• **Aim of the task**
What is needed is an exact copy of the lines from the one containing "7.1497), major_axis=(0, 0.0171), ratio=0.788846, dxfattribs=at)" through the last line of the entries below, both included.

········

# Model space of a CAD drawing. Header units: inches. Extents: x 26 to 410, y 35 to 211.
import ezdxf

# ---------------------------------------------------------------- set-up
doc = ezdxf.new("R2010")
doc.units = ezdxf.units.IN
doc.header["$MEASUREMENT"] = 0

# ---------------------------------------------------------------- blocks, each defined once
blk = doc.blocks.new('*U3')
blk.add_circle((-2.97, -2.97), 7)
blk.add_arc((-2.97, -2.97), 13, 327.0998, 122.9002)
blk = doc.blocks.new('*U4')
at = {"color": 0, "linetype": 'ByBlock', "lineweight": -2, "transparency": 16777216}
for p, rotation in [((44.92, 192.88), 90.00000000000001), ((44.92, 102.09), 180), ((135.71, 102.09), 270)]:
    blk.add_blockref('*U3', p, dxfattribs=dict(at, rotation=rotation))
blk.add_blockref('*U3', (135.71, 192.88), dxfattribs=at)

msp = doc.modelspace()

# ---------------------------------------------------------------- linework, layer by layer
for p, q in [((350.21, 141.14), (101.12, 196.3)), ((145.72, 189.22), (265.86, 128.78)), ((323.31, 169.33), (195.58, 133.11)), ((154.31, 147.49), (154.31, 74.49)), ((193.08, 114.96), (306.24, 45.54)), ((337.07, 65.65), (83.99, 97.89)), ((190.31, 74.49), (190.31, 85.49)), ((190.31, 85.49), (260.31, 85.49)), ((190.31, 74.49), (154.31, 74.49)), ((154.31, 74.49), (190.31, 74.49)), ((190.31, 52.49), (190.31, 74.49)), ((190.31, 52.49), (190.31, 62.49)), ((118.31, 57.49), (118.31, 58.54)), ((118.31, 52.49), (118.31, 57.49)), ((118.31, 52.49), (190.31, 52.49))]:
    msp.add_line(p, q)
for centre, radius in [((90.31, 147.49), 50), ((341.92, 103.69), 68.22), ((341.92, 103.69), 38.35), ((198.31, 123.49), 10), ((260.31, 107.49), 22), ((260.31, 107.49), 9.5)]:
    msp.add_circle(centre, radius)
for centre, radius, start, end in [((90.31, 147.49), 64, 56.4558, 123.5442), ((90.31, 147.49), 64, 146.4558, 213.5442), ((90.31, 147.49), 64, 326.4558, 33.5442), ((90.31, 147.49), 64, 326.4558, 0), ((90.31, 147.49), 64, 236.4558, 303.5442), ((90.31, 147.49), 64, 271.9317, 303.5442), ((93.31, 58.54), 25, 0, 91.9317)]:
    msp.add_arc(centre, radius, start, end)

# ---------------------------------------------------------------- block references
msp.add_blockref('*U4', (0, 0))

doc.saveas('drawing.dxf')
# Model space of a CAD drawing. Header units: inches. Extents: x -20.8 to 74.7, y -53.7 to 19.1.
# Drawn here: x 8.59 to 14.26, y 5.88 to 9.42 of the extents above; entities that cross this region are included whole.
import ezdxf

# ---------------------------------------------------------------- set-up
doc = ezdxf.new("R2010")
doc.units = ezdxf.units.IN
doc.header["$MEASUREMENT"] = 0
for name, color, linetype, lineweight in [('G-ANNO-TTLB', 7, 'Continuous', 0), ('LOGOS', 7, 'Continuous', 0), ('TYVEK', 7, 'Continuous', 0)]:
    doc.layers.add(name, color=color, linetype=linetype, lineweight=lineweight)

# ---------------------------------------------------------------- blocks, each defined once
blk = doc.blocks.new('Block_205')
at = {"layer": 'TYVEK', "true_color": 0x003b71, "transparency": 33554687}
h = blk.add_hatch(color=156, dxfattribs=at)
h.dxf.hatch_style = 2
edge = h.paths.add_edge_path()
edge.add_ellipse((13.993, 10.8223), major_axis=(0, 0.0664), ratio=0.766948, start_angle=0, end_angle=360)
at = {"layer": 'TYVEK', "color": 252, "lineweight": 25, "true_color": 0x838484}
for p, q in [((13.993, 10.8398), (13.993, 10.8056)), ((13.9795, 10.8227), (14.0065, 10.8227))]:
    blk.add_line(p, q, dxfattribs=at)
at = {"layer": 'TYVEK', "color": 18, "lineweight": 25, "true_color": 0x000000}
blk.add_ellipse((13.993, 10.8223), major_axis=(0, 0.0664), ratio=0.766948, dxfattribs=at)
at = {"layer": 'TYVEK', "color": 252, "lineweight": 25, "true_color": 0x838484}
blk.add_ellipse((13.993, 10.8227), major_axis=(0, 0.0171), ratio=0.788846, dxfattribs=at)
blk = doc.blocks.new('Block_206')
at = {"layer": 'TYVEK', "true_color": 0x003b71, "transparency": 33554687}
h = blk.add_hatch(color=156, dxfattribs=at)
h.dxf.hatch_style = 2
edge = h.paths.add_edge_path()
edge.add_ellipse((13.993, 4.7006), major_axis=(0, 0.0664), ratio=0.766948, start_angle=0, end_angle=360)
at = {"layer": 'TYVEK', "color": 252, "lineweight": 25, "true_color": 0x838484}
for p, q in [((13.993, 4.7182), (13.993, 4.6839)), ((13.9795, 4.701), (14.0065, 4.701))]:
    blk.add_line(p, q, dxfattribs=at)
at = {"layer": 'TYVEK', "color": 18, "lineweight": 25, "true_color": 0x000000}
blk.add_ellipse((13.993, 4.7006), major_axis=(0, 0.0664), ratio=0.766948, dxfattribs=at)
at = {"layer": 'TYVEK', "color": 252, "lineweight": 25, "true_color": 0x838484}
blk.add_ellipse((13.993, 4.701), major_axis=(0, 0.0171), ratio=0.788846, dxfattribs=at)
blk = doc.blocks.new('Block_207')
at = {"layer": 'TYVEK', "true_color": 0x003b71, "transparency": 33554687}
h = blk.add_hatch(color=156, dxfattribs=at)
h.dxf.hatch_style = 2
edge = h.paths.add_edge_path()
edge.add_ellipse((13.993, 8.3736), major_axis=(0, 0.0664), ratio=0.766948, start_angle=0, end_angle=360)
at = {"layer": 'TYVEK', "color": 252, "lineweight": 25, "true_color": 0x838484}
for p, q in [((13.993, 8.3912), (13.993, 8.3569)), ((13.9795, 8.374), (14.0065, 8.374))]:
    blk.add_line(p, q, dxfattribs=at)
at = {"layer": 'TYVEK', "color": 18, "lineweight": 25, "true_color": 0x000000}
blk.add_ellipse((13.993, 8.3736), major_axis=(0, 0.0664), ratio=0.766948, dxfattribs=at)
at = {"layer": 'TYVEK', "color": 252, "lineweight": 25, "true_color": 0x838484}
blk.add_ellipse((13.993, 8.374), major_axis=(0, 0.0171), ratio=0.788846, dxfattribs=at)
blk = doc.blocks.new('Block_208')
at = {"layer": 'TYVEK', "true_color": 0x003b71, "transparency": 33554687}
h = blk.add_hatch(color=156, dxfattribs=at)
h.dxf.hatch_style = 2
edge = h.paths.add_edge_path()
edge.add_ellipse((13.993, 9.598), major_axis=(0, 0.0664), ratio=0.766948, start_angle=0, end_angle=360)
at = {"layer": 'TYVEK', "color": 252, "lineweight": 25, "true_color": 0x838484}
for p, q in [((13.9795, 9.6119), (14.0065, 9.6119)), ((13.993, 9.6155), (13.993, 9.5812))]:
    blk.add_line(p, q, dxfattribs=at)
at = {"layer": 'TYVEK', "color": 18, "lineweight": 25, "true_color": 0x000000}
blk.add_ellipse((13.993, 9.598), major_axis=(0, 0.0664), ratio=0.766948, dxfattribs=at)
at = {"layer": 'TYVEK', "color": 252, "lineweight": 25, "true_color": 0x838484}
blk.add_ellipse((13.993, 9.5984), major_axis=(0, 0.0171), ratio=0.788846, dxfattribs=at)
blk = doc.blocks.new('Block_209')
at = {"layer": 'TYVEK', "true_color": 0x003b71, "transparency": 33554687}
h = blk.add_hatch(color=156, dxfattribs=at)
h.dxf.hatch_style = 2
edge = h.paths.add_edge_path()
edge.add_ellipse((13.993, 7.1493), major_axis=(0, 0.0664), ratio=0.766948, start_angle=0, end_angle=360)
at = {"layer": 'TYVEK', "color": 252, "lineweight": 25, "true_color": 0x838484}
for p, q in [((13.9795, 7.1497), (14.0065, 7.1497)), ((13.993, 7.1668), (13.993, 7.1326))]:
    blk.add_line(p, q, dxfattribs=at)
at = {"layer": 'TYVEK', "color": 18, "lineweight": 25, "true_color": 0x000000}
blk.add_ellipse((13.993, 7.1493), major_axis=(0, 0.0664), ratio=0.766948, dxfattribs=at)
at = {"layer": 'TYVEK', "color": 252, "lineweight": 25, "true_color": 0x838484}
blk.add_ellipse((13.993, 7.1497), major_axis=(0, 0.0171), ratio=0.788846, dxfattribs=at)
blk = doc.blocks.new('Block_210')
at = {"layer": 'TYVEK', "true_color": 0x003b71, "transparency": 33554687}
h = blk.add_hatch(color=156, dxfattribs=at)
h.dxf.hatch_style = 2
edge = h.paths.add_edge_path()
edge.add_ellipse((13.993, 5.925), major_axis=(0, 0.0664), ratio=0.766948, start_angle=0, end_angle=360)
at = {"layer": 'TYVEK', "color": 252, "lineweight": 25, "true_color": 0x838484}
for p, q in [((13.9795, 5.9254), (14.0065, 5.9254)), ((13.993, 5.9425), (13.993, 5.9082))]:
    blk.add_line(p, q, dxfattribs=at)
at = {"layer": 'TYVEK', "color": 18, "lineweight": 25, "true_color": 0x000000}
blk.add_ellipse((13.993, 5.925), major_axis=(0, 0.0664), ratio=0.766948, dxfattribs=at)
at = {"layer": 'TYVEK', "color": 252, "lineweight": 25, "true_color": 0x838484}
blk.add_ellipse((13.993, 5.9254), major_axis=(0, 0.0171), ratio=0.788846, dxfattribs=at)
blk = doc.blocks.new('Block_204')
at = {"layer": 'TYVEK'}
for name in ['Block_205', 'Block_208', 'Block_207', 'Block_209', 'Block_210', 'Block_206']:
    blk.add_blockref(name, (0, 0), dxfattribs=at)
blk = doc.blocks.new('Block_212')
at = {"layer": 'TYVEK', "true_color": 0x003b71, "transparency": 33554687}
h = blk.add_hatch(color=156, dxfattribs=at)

········

• **Result of the exercise**
blk.add_ellipse((13.993, 7.1497), major_axis=(0, 0.0171), ratio=0.788846, dxfattribs=at)
blk = doc.blocks.new('Block_210')
at = {"layer": 'TYVEK', "true_color": 0x003b71, "transparency": 33554687}
h = blk.add_hatch(color=156, dxfattribs=at)
h.dxf.hatch_style = 2
edge = h.paths.add_edge_path()
edge.add_ellipse((13.993, 5.925), major_axis=(0, 0.0664), ratio=0.766948, start_angle=0, end_angle=360)
at = {"layer": 'TYVEK', "color": 252, "lineweight": 25, "true_color": 0x838484}
for p, q in [((13.9795, 5.9254), (14.0065, 5.9254)), ((13.993, 5.9425), (13.993, 5.9082))]:
    blk.add_line(p, q, dxfattribs=at)
at = {"layer": 'TYVEK', "color": 18, "lineweight": 25, "true_color": 0x000000}
blk.add_ellipse((13.993, 5.925), major_axis=(0, 0.0664), ratio=0.766948, dxfattribs=at)
at = {"layer": 'TYVEK', "color": 252, "lineweight": 25, "true_color": 0x838484}
blk.add_ellipse((13.993, 5.9254), major_axis=(0, 0.0171), ratio=0.788846, dxfattribs=at)
blk = doc.blocks.new('Block_204')
at = {"layer": 'TYVEK'}
for name in ['Block_205', 'Block_208', 'Block_207', 'Block_209', 'Block_210', 'Block_206']:
    blk.add_blockref(name, (0, 0), dxfattribs=at)
blk = doc.blocks.new('Block_212')
at = {"layer": 'TYVEK', "true_color": 0x003b71, "transparency": 33554687}
h = blk.add_hatch(color=156, dxfattribs=at)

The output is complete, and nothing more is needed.